The Impact of Subcutaneous Glucagon Before, During and After Exercise a Study in Patients With Type 1 Diabetes Mellitus

NCT ID: NCT02882737

Last Updated: 2017-07-24

Basic Information

• Recruitment Status: COMPLETED
• Clinical Phase: NA
• Total Enrollment: 14 participants
• Study Classification: INTERVENTIONAL
• Study Start Date: 2016-09-30
• Study Completion Date: 2017-07-11

Brief Summary

This project is part of several studies exploring situations, where glucagon potential has lesser glucose elevating effect. Exercise can be one of these situations as exercise may reduce liver glycogen depots.

The investigators aims are:

1. To compare the increase in plasma glucose after 200µg glucagon given either after exercise or after resting for 45 minutes.

2. To determine whether a subcutaneous glucagon injection just before exercise has a greater impact on hepatic glucose production and thereby is superior to an injection after exercise in preventing hypoglycemia during and two hours after exercise.

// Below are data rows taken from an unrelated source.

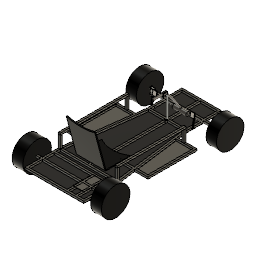
Go Kart Assembly.F3d (Autodesk Fusion 360 archive; units mm, degrees)
design "Go Kart Design"
Autodesk Fusion 360 part; units mm, degrees
note: some values were not read from the file. Chosen so that the rebuilt part matches the saved one: which bodies a step acts on; which face or edge a step refers to. Set by a fixed rule: which sketch regions a step uses.
(part 1 of 2)
sketch "Sketch1" plane through (0, 0, 0) normal (0, 0, 1) x (1, 0, 0)
  line L0 (139.7, 355.6) -> (279.4, 355.6)
  line L1 (279.4, 355.6) -> (279.4, 101.6)
  line L2 (279.4, 101.6) -> (139.7, 101.6)
  line L3 (139.7, 101.6) -> (139.7, 355.6)
  line L4 (139.7, 101.6) -> (160.7997, 101.6)
  line L5 (150.2738, 355.6) -> (139.7, 355.6)
  line L6 (139.7, 355.6) -> (139.7, 101.6)
  line L7 (239.1738, 355.6) -> (279.4, 355.6)
  line L8 (279.4, 355.6) -> (279.4, 101.6)
  line L9 (-508, 228.6) -> (508, 228.6)
  line L10 (508, 228.6) -> (508, 203.2)
  line L11 (508, 203.2) -> (-508, 203.2)
  line L12 (-508, 203.2) -> (-508, 228.6)
  line L13 (139.7, 355.6) -> (165.1, 355.6)
  line L14 (165.1, 355.6) -> (165.1, 25.4)
  line L15 (165.1, 25.4) -> (139.7, 25.4)
  line L16 (139.7, 25.4) -> (139.7, 355.6)
  line L17 (279.4, 355.6) -> (254, 355.6)
  line L18 (254, 355.6) -> (254, 25.4)
  line L19 (254, 25.4) -> (279.4, 25.4)
  line L20 (279.4, 25.4) -> (279.4, 355.6)
  line L21 (381, 457.2) -> (355.6, 457.2)
  line L22 (355.6, 457.2) -> (355.6, 25.4)
  line L23 (355.6, 25.4) -> (381, 25.4)
  line L24 (381, 25.4) -> (381, 457.2)
  line L25 (355.6, 25.4) -> (381, 25.4)
  line L26 (381, 25.4) -> (381, 0)
  line L27 (381, 0) -> (355.6, 0)
  line L28 (355.6, 0) -> (355.6, 25.4)
  line L29 (355.6, 25.4) -> (381, 0)
  line L30 (355.6, 0) -> (-355.6, 0)
  line L31 (-355.6, 0) -> (-355.6, 25.4)
  line L32 (-355.6, 25.4) -> (355.6, 25.4)
  line L33 (355.6, 25.4) -> (355.6, 0)
  line L34 (-355.6, 25.4) -> (-381, 25.4)
  line L35 (-381, 25.4) -> (-381, 0)
  line L36 (-381, 0) -> (-355.6, 0)
  line L37 (-355.6, 0) -> (-355.6, 25.4)
  line L38 (-381, 0) -> (-355.6, 25.4)
  line L39 (-381, 25.4) -> (-355.6, 25.4)
  line L40 (-355.6, 25.4) -> (-355.6, 457.2)
  line L41 (-355.6, 457.2) -> (-381, 457.2)
  line L42 (-381, 457.2) -> (-381, 25.4)
  line L43 (355.6, 355.6) -> (-355.6, 355.6)
  line L44 (-355.6, 355.6) -> (-355.6, 381)
  line L45 (-355.6, 381) -> (355.6, 381)
  line L46 (355.6, 381) -> (355.6, 355.6)
  line L47 (-355.6, 457.2) -> (355.6, 457.2)
  line L48 (355.6, 457.2) -> (355.6, 431.8)
  line L49 (355.6, 431.8) -> (-355.6, 431.8)
  line L50 (-355.6, 431.8) -> (-355.6, 457.2)
  line L51 (254, 1905) -> (-254, 1905)
  line L52 (-254, 1905) -> (244.6512, 1905)
  line L53 (-254, 1879.6) -> (-254, 1905)
  line L54 (-254, 1905) -> (-228.6, 1905)
  line L55 (-228.6, 1905) -> (-228.6, 1701.8)
  line L56 (-228.6, 1701.8) -> (-254, 1701.8)
  line L57 (-254, 1701.8) -> (-254, 1905)
  line L58 (-12.7, 1905) -> (12.7, 1905)
  line L59 (12.7, 1905) -> (12.7, 457.2)
  line L60 (12.7, 457.2) -> (-12.7, 457.2)
  line L61 (-12.7, 457.2) -> (-12.7, 1905)
  line L62 (-254, 1879.6) -> (254, 1879.6)
  line L63 (254, 1905) -> (254, 1879.6)
  line L64 (254, 1905) -> (228.6, 1905)
  line L65 (228.6, 1905) -> (228.6, 1701.8)
  line L66 (228.6, 1701.8) -> (254, 1701.8)
  line L67 (254, 1701.8) -> (254, 1905)
  line L68 (-393.7, 1701.8) -> (393.7, 1701.8)
  line L69 (393.7, 1701.8) -> (393.7, 1676.4)
  line L70 (393.7, 1676.4) -> (-393.7, 1676.4)
  line L71 (-393.7, 1676.4) -> (-393.7, 1701.8)
  line L72 (-254, 1676.4) -> (-228.6, 1676.4)
  line L73 (-228.6, 1676.4) -> (-228.6, 1447.8)
  line L74 (-228.6, 1447.8) -> (-254, 1447.8)
  line L75 (-254, 1447.8) -> (-254, 1676.4)
  line L76 (228.6, 1676.4) -> (254, 1676.4)
  line L77 (254, 1676.4) -> (254, 1447.8)
  line L78 (254, 1447.8) -> (228.6, 1447.8)
  line L79 (228.6, 1447.8) -> (228.6, 1676.4)
  line L80 (-254, 1447.8) -> (-381, 457.2)
  line L81 (254, 1447.8) -> (381, 457.2)
  line L82 (-228.6, 1446.1784) -> (-355.6, 455.5784)
  line L83 (228.6, 1446.1784) -> (355.6, 455.5784)
  line L84 (228.6, 1446.1784) -> (254, 1447.8)
  line L85 (228.6, 1447.8) -> (228.6, 1446.1784)
  line L86 (-254, 1447.8) -> (-228.6, 1446.1784)
  line L87 (-228.6, 1447.8) -> (-228.6, 1446.1784)
  line L88 (-228.6, 1447.8) -> (228.6, 1447.8)
  line L89 (228.6, 1447.8) -> (228.6, 1473.2)
  line L90 (228.6, 1473.2) -> (-228.6, 1473.2)
  line L91 (-228.6, 1473.2) -> (-228.6, 1447.8)
  line L92 (-12.7, 711.2) -> (-322.828, 711.2)
  line L93 (12.7, 711.2) -> (322.828, 711.2)
  line L94 (-12.7, 685.8) -> (-326.0844, 685.8)
  line L95 (12.7, 685.8) -> (326.0844, 685.8)
  line L96 (-270.2821, 1320.8) -> (-524.2821, 1320.8)
  line L97 (270.2821, 1320.8) -> (524.2821, 1320.8)
  line L98 (-524.2821, 1320.8) -> (-524.2821, 685.8)
  line L99 (524.2821, 1320.8) -> (524.2821, 685.8)
  line L100 (-524.2821, 685.8) -> (-351.6923, 685.8)
  line L101 (524.2821, 685.8) -> (351.6923, 685.8)
  line L102 (-498.8821, 1295.4) -> (-273.5385, 1295.4)
  line L103 (-498.8821, 1295.4) -> (-498.8821, 711.2)
  line L104 (-498.8821, 711.2) -> (-348.4359, 711.2)
  line L105 (498.8821, 1295.4) -> (273.5385, 1295.4)
  line L106 (498.8821, 1295.4) -> (498.8821, 711.2)
  line L107 (498.8821, 711.2) -> (348.4359, 711.2)
  line L108 (0, 0) -> (0, 1905)
  point P0 (-12.7, 1905)
  point P1 (-12.7, 685.8)
  point P2 (-270.2821, 1320.8)
  dimension "d20" = 139.7
  dimension "d24" = 25.4
  dimension "d25" = 1016
  dimension "d28" = 101.6
  dimension "d29" = 254
  dimension "d30" = 25.4
  dimension "d31" = 330.2
  dimension "d32" = 25.4
  dimension "d33" = 330.2
  dimension "d35" = 25.4
  dimension "d38" = 76.2
  dimension "d39" = 152.4
  dimension "d41" = 25.4
  dimension "d42" = 25.4
  dimension "d43" = 25.4
  dimension "d44" = 711.2
  dimension "d45" = 25.4
  dimension "d46" = 25.4
  dimension "d47" = 25.4
  dimension "d49" = 177.8
  dimension "d51" = 177.8
  dimension "d56" = 127
  dimension "d57" = 127
  dimension "d58" = 25.4
  dimension "d59" = 711.2
  dimension "d73" = 76.2
  dimension "d74" = 76.2
  dimension "d75" = 25.4
  dimension "d76" = 711.2
  dimension "d118" = 508
  dimension "d119" = 25.4
  dimension "d120" = 25.4
  dimension "d121" = 203.2
  dimension "d125" = 25.4
  dimension "d127" = 508
  dimension "d128" = 203.2
  dimension "d129" = 25.4
  dimension "d130" = 25.4
  dimension "d131" = 787.4
  dimension "d132" = 139.7
  dimension "d133" = 139.7
  dimension "d135" = 25.4
  dimension "d136" = 228.6
  dimension "d137" = 228.6
  dimension "d138" = 25.4
  dimension "d145" = 1905
  dimension "d146" = 25.4
  dimension "d147" = 25.4
  dimension "d148" = 342.9
  dimension "d149" = 342.9
  dimension "d150" = 25.4
  dimension "d151" = 457.2
  dimension "d156" = 254
  dimension "d157" = 254
  dimension "d158" = 25.4
  dimension "d159" = 228.6
  dimension "d160" = 228.6
  dimension "d184" = 254
  dimension "d185" = 254
  dimension "d186" = 635
  dimension "d187" = 635
  dimension "d188" = 172.5897
  dimension "d189" = 172.5897
  dimension "d190" = 25.4
  dimension "d191" = 25.4
  dimension "d192" = 25.4
  dimension "d193" = 25.4
  dimension "d194" = 25.4
  dimension "d195" = 25.4
  dimension "d242" = 1905
  constraint horizontal L0
  constraint vertical L1
  constraint horizontal L2
  constraint vertical L3
  constraint horizontal L5
  constraint vertical L6
  constraint coincident L0 L5.start
  constraint horizontal L7
  constraint vertical L8
  constraint coincident L0 L7.start
  constraint horizontal L9
  constraint vertical L10
  constraint horizontal L11
  constraint vertical L12
  constraint horizontal L13
  constraint vertical L14
  constraint horizontal L15
  constraint vertical L16
  constraint horizontal L17
  constraint vertical L18
  constraint horizontal L19
  constraint vertical L20
  constraint horizontal L21
  constraint vertical L22
  constraint horizontal L23
  constraint vertical L24
  constraint horizontal L25
  constraint vertical L26
  constraint horizontal L27
  constraint vertical L28
  constraint horizontal L30
  constraint vertical L31
  constraint horizontal L32
  constraint vertical L33
  constraint horizontal L34
  constraint vertical L35
  constraint horizontal L36
  constraint vertical L37
  constraint horizontal L39
  constraint vertical L40
  constraint horizontal L41
  constraint vertical L42
  constraint horizontal L43
  constraint vertical L44
  constraint horizontal L45
  constraint vertical L46
  constraint coincident L22 L43.start
  constraint collinear L0 L43
  constraint horizontal L47
  constraint vertical L48
  constraint horizontal L49
  constraint vertical L50
  constraint horizontal L52
  constraint vertical L53
  constraint horizontal L54
  constraint vertical L55
  constraint horizontal L56
  constraint vertical L57
  constraint horizontal L58
  constraint vertical L59
  constraint horizontal L60
  constraint vertical L61
  constraint coincident P0 L58.start
  constraint perpendicular L59 L62
  constraint horizontal L64
  constraint vertical L65
  constraint horizontal L66
  constraint vertical L67
  constraint horizontal L68
  constraint vertical L69
  constraint horizontal L70
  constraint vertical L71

3. To compare the accuracy of two Dexcom G4 continuous glucose monitors, (CGM) placed at either the abdominal wall or on the upper arm.

Detailed Description

Design:

A randomized placebo-controlled single-blinded study will be conducted. The subjects do not know if they get glucagon or placebo but the investigator know if the subject get glucagon or placebo. Study participants have to complete three study days and serve as their own controls. After participants have given an informed consent, they will go through three steps:

1. Screening day

2. Run-in period

3. Three study days in a random order:

• Exercise and glucagon injected after cycling/or during cycling in case of hypoglycemia
• Resting and glucagon after resting
• Exercise and glucagon subcutaneous before cycling

47-49 hours before the study visits one CGM device is placed on the abdominal wall on the participant at least 7 cm from the site of the insulin pump infusion set. One CGM is placed on the non-dominant upper arm between 10 cm from elbow and 10 cm from shoulder on the posterior/lateral side on the arm. The CGMs will be in place for seven days. The CGM readings on the CGM placed at the abdominal wall are not blinded for the participant. The CGM readings on the CGM placed on the arm is blinded for the participant. In the period from the study visits to 4 days after the study visits the participant will do self-monitoring of blood glucose 8 times a day on standardized times.

Conditions

Type 1 Diabetes Mellitus

Study Design

• Allocation Method: RANDOMIZED
• Intervention Model: CROSSOVER
• Primary Study Purpose: PREVENTION
• Blinding Strategy: SINGLE

Study Groups

Exercise and glucagon before exercise

120 minutes after breakfast; a single subcutaneous bolus of 200µg glucagon is administered by the primary investigator. However, the patient do, not know whether placebo or a glucagon injection is administered.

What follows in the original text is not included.